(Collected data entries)
⁂

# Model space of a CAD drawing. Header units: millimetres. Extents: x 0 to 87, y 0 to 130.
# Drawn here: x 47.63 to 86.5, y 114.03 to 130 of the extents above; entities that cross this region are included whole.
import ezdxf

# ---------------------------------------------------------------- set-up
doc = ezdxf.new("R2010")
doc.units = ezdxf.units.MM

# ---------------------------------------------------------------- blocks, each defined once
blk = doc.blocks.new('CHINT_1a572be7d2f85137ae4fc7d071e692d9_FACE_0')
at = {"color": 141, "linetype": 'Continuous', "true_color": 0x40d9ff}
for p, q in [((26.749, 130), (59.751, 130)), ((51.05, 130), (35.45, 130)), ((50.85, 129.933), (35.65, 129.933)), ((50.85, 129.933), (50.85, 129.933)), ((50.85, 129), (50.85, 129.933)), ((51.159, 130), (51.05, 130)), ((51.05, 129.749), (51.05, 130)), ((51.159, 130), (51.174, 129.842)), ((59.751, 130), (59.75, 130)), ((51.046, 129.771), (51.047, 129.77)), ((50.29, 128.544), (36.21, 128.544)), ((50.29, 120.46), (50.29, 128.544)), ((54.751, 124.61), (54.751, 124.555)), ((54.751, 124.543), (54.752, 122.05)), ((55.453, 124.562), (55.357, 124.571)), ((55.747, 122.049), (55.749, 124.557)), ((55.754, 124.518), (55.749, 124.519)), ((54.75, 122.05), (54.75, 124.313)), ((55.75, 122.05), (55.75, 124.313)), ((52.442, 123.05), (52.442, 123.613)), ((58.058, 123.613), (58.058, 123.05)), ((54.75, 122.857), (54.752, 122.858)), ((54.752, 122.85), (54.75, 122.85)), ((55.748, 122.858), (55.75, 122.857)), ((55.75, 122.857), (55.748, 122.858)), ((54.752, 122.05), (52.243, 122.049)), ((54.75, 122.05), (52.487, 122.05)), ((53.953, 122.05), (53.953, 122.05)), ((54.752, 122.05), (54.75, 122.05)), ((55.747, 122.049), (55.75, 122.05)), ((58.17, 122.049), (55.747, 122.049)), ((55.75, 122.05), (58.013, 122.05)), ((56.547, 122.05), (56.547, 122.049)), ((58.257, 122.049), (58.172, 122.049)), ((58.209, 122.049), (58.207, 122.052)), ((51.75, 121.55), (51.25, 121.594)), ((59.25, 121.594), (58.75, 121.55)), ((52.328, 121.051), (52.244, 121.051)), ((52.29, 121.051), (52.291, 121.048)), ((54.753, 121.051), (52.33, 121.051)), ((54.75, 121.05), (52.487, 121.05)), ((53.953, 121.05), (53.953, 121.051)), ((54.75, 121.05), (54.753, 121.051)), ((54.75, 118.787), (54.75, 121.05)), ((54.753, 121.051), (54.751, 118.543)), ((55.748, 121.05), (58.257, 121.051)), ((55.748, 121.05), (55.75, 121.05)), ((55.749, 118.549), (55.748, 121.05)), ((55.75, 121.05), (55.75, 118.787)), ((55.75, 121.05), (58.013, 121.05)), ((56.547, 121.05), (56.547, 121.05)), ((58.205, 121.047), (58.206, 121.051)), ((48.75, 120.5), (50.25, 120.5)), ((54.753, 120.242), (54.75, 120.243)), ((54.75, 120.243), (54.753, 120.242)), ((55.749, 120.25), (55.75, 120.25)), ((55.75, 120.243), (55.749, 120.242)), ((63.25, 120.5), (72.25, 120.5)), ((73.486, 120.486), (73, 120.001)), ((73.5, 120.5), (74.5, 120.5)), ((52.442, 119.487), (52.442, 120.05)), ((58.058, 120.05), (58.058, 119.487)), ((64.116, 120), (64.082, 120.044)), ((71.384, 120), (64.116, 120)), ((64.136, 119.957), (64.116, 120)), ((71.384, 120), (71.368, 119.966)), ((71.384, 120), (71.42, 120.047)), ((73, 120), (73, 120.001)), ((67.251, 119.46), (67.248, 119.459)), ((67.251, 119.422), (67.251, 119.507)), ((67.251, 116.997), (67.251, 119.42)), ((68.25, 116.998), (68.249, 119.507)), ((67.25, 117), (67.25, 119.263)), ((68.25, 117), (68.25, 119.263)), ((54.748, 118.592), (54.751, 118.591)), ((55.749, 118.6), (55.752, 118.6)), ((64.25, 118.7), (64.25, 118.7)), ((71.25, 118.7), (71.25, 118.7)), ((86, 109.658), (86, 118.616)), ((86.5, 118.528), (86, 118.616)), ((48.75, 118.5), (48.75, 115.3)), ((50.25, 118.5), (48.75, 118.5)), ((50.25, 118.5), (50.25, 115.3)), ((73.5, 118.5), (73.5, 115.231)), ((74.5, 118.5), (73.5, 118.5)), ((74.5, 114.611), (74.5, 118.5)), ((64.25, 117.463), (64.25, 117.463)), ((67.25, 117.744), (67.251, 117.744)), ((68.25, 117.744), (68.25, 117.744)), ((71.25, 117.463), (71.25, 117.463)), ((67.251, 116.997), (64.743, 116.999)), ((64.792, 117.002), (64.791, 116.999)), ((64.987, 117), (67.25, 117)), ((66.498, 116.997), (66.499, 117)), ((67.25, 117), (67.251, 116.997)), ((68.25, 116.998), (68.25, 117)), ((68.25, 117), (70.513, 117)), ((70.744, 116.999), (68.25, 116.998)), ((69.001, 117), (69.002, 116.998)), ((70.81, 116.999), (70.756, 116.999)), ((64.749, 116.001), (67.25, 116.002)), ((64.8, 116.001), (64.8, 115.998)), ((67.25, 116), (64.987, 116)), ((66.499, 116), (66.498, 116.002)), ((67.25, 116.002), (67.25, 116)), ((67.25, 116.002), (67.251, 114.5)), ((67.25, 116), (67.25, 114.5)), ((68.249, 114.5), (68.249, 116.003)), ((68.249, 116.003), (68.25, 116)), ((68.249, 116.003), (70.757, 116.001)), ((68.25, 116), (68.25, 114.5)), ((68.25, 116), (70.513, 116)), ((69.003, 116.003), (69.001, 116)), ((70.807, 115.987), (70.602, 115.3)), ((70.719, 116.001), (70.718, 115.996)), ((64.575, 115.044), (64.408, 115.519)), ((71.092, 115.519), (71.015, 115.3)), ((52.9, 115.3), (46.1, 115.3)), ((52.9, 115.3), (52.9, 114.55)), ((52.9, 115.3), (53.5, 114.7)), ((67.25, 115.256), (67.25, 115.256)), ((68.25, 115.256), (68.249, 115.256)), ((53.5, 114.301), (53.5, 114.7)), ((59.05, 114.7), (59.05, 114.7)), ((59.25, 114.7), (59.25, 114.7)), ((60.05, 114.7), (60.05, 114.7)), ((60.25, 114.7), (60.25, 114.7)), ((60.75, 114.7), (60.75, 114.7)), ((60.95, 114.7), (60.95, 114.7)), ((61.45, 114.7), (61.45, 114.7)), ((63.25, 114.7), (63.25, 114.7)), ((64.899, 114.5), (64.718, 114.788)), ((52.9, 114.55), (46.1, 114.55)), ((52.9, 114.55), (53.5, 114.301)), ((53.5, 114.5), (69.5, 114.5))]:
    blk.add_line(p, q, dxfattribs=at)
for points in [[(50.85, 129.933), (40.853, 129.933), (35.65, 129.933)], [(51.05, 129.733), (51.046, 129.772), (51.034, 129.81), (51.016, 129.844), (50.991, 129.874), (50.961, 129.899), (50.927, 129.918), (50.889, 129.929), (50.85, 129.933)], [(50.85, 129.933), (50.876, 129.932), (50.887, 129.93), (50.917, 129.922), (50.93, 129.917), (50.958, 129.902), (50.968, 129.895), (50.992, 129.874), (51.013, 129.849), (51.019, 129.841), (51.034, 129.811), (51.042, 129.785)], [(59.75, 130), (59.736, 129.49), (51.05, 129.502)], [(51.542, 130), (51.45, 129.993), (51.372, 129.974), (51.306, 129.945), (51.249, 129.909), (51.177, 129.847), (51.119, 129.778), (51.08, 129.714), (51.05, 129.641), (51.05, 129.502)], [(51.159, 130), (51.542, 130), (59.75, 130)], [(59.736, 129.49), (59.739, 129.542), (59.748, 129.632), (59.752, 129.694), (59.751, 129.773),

⁂

• YOUR INSTRUCTIONS
Among the records above, how many lines carry the string "units"? Reply with the number alone.

• EXERCISE RESPONSE
2